Last week, there was a fair amount of publicity about a study issued by the Justice Policy Institute that found—drum roll, please–that private prison operators lobby for more stringent criminal laws.
In other news, the sun rose in the east yesterday.
There are certainly instances in which government outsourcing makes sense, but operating prisons is not one of them. As many observers of what I call “privatization ideology” warned when the first private prisons began operating, incarceration for profit is simply untenable: the incentives involved are inconsistent with good public management. Prisons aren’t businesses, and they cannot and should not be run as businesses.
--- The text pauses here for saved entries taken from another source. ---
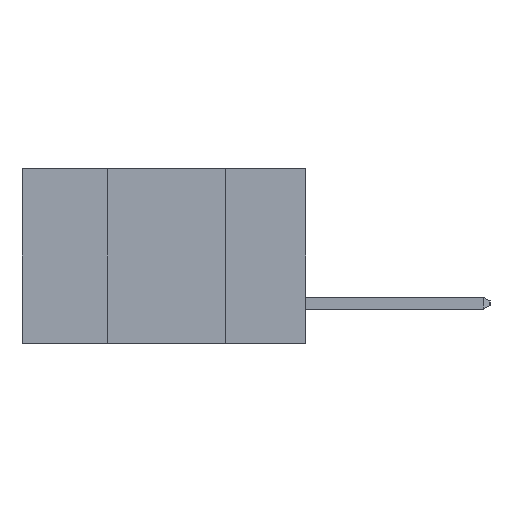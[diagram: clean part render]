
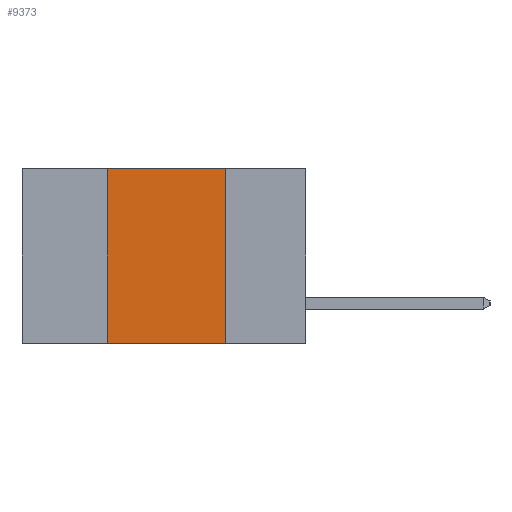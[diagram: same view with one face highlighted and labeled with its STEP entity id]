
A CAD part, left-side view. The second image highlights one B-rep face of the part: STEP entity #9373.
In plain terms, the highlighted planar face has unit normal (-1, 0, 0).
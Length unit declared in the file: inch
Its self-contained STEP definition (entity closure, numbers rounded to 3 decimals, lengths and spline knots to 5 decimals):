
#427 = LINE ( 'NONE', #10771, #5636 ) ;
#470 = EDGE_LOOP ( 'NONE', ( #4454, #4429, #4399, #4369 ) ) ;
#940 = DIRECTION ( 'NONE',  ( 0., 0., 1. ) ) ;
#1026 = VECTOR ( 'NONE', #1985, 39.37008 ) ;
#1568 = DIRECTION ( 'NONE',  ( 0., 0., -1. ) ) ;
#1726 = EDGE_CURVE ( 'NONE', #7351, #10779, #427, .T. ) ;
#1985 = DIRECTION ( 'NONE',  ( 0., -1., 0. ) ) ;
#2996 = CARTESIAN_POINT ( 'NONE',  ( 0., 0.42, 0. ) ) ;
#3849 = LINE ( 'NONE', #7077, #1026 ) ;
#3873 = CARTESIAN_POINT ( 'NONE',  ( 0., 0.17, -0.37 ) ) ;
#3881 = LINE ( 'NONE', #4072, #11663 ) ;
#4072 = CARTESIAN_POINT ( 'NONE',  ( 0., 0.42, -0.37 ) ) ;
#4369 = ORIENTED_EDGE ( 'NONE', *, *, #10914, .T. ) ;
#4399 = ORIENTED_EDGE ( 'NONE', *, *, #9632, .F. ) ;
#4429 = ORIENTED_EDGE ( 'NONE', *, *, #9001, .F. ) ;
#4454 = ORIENTED_EDGE ( 'NONE', *, *, #1726, .F. ) ;
#5636 = VECTOR ( 'NONE', #10505, 39.37008 ) ;
#5668 = PLANE ( 'NONE',  #11212 ) ;
#6673 = CARTESIAN_POINT ( 'NONE',  ( 0., 0.6, 0. ) ) ;
#7077 = CARTESIAN_POINT ( 'NONE',  ( 0., 0.6, -0.37 ) ) ;
#7351 = VERTEX_POINT ( 'NONE', #9945 ) ;
#7674 = DIRECTION ( 'NONE',  ( 1., 0., 0. ) ) ;
#7970 = FACE_OUTER_BOUND ( 'NONE', #470, .T. ) ;
#8799 = CARTESIAN_POINT ( 'NONE',  ( 0., 0.6, 0. ) ) ;
#8827 = VERTEX_POINT ( 'NONE', #11384 ) ;
#9001 = EDGE_CURVE ( 'NONE', #10886, #7351, #12092, .T. ) ;
#9373 = ADVANCED_FACE ( 'NONE', ( #7970 ), #5668, .F. ) ;
#9632 = EDGE_CURVE ( 'NONE', #8827, #10886, #3881, .T. ) ;
#9945 = CARTESIAN_POINT ( 'NONE',  ( 0., 0.17, 0. ) ) ;
#10505 = DIRECTION ( 'NONE',  ( 0., 0., -1. ) ) ;
#10771 = CARTESIAN_POINT ( 'NONE',  ( 0., 0.17, -0.37 ) ) ;
#10779 = VERTEX_POINT ( 'NONE', #3873 ) ;
#10886 = VERTEX_POINT ( 'NONE', #2996 ) ;
#10914 = EDGE_CURVE ( 'NONE', #8827, #10779, #3849, .T. ) ;
#11212 = AXIS2_PLACEMENT_3D ( 'NONE', #6673, #7674, #1568 ) ;
#11384 = CARTESIAN_POINT ( 'NONE',  ( 0., 0.42, -0.37 ) ) ;
#11663 = VECTOR ( 'NONE', #940, 39.37008 ) ;
#11808 = VECTOR ( 'NONE', #12531, 39.37008 ) ;
#12092 = LINE ( 'NONE', #8799, #11808 ) ;
#12531 = DIRECTION ( 'NONE',  ( 0., -1., 0. ) ) ;

When a company’s profits depend upon jailing more people for longer periods, it shouldn’t come as a surprise that those companies will lobby for ever-more draconian laws and extended sentences. If that lobbying is successful, it will cost taxpayers much more than they saved by outsourcing (assuming the much-touted savings are real to begin with.)
It isn’t just prison outsourcing that threatens to distort policy-making. The United States no longer has a military draft, and we currently have more “contractors” in Iraq and Afghanistan than we do citizen-soldiers. As I pointed out in a paper several years ago, in the wake of the Abu Ghraib scandal, there are significant moral, legal and strategic problems that arise when governments essentially hire mercenaries to do their dirty work. For one thing, it is far easier to opt for a military “solution” to a problem when the Congressman casting the vote can simply “hire” soldiers, and doesn’t have to go home to his district and justify drafting his constituents. For another, the multi-national companies that provide the “soldiers for hire” have a vested economic interest in military combat.
Private prison operators lobby for stricter sentencing. Does anyone really believe that private companies providing combat services won’t lobby for war?